The 4 questions that open consultative selling
Memorize these. They work in physical stores, on WhatsApp, on a home visit.
- "For what occasion are you thinking of this piece?" Wedding, work, birthday, gift, daily wear — each answer changes what you will show. Do not skip it. Whoever skips this question ends up showing party pieces to someone who wanted office pieces.
- "What do you usually wear today? Do you have a favorite piece?" Here you uncover the real style. The client who says "I wear small hoops a lot, silver, I do not like to draw attention" hands you the whole map. If you offered a maxi gold earring after that, you did not listen.
- "Have you ever bought something and never worn it? Why?" Gold question. The answer reveals the trap the client wants to avoid — too heavy, allergic, off-style, ended up in the drawer. You take a mental note and avoid the same pitfall.
- "How would you like to feel wearing this piece?" This is where the emotional answer comes out. "More elegant", "lighter", "matching with my daughter", "not going unnoticed at work". That is the final criterion of choice. The piece has to deliver that feeling — if it does not, it is not her piece, even if it is beautiful.
Four questions. Four minutes. Before any piece leaves the display.
The most common mistakes when trying to consult
I see good resellers tripping on these three points, every time.

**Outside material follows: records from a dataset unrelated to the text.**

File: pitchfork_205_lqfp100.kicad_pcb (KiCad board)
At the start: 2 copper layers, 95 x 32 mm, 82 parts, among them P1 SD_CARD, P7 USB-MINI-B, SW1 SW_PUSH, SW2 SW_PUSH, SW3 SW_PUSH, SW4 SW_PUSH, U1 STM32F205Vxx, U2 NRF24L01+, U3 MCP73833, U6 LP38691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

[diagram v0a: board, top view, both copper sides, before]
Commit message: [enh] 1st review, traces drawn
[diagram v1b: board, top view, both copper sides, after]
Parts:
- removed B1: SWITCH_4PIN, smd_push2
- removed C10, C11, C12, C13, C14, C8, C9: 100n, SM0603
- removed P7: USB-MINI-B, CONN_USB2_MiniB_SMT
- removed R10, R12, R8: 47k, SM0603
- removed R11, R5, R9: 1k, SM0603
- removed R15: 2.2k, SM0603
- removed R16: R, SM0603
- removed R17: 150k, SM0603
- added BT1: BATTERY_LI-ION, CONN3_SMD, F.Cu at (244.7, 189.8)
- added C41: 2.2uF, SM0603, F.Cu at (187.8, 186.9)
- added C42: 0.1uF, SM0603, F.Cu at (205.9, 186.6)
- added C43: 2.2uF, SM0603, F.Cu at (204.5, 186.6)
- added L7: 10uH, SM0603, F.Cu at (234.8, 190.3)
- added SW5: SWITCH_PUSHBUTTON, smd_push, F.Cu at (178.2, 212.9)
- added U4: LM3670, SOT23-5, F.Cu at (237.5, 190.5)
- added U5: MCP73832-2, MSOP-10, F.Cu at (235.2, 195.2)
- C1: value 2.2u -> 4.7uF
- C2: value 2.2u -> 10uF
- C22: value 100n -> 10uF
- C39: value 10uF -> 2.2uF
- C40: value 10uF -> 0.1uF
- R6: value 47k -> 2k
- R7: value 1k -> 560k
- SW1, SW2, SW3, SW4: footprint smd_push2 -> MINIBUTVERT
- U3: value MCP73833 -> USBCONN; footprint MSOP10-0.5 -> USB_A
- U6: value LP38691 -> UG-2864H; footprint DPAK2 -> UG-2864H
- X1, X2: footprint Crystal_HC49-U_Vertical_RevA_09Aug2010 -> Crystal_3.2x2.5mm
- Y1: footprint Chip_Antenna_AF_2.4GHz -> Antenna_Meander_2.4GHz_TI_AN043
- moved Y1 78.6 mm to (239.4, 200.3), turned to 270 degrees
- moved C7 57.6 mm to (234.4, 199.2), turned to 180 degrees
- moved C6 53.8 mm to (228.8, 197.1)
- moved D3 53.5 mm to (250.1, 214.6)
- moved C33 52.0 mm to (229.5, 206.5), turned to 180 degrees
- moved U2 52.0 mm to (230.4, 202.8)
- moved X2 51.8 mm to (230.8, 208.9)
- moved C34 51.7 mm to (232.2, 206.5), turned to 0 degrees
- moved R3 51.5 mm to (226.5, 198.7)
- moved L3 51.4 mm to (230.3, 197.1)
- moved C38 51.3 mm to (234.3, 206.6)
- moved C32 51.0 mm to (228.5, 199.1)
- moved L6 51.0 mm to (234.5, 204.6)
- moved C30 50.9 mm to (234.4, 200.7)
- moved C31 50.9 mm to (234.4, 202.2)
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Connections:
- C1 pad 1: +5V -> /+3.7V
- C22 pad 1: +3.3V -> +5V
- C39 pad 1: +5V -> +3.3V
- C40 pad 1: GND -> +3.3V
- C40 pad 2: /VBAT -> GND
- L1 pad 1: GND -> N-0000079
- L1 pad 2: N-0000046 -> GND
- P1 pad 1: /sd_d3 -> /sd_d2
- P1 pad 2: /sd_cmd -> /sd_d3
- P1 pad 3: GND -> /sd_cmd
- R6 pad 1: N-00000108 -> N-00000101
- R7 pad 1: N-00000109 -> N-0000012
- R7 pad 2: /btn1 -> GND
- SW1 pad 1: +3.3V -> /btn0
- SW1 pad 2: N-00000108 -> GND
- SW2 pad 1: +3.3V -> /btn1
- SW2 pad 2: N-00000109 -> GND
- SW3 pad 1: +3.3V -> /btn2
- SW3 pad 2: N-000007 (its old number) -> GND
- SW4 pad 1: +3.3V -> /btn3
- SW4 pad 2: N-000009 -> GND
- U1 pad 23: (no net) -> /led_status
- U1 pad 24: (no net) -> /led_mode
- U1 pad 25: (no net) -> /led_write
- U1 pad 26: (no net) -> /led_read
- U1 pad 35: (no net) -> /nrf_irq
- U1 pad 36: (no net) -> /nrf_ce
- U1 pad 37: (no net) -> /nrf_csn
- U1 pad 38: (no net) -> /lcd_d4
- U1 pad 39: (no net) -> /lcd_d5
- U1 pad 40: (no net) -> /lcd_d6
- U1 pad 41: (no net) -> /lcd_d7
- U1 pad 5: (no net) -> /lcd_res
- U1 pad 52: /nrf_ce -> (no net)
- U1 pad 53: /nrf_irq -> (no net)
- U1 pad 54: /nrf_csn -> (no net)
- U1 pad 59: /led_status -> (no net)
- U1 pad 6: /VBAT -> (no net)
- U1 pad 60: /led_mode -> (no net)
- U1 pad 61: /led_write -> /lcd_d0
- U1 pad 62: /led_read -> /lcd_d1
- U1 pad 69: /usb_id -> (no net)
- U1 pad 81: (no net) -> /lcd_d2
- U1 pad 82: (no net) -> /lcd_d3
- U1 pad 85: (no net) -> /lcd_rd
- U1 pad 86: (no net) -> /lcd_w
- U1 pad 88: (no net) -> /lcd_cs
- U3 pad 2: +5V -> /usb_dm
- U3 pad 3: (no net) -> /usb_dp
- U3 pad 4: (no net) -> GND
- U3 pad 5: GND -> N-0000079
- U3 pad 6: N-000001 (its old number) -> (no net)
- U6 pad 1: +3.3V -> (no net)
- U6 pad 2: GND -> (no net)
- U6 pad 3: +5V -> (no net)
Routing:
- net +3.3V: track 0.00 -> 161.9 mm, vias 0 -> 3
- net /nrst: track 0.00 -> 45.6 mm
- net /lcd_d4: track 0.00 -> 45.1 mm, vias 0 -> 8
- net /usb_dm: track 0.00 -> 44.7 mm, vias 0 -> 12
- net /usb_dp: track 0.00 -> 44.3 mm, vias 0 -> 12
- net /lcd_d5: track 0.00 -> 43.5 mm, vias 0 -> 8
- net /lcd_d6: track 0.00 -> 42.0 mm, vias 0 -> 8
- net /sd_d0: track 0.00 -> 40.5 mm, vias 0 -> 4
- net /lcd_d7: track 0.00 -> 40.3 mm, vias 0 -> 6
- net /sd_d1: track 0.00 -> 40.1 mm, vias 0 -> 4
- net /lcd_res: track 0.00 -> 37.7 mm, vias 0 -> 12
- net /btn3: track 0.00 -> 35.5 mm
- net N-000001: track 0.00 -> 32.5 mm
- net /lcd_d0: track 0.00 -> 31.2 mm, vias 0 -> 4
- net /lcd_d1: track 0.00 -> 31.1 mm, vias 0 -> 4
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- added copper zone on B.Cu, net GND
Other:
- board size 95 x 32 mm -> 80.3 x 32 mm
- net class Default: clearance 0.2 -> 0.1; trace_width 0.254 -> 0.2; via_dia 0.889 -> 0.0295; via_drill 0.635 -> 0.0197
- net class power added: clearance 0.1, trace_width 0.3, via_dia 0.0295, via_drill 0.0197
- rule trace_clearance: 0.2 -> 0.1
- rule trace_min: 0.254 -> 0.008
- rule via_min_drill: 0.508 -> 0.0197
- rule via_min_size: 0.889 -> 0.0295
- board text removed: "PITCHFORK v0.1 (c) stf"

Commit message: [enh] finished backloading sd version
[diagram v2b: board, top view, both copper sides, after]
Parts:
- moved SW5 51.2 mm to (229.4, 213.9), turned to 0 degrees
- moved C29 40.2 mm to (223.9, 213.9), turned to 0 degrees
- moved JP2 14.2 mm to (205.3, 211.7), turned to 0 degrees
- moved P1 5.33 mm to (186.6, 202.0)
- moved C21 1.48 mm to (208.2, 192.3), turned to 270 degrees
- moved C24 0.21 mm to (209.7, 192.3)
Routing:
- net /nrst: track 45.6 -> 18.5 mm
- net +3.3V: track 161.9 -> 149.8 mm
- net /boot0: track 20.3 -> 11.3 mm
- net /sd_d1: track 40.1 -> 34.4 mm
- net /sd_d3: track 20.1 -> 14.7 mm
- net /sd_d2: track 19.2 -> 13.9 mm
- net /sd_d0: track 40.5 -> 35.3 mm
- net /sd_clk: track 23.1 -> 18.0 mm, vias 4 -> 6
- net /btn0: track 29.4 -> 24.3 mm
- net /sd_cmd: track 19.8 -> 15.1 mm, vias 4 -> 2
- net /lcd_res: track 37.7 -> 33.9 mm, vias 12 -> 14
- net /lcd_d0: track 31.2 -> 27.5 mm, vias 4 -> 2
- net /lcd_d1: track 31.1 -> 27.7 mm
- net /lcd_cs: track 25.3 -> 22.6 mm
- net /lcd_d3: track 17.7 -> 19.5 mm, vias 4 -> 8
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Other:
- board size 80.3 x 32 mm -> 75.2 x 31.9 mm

Mistake 1: thinking consultative means showing the most expensive piece. It does not. Consultative means showing the right piece. Sometimes the right piece is the eighty-nine real one she will wear three times a week, not the three-hundred-eighty real one that will sleep in the drawer. You build loyalty through accuracy, not through the ticket of one sale.
Mistake 2: confusing interview with interrogation. The four questions are background. You interleave them with observation ("what a beautiful blouse, the tone has a hint of rosé"), with the story of the piece, with sincere compliment. The client cannot feel she is being questioned. She has to feel she is being heard.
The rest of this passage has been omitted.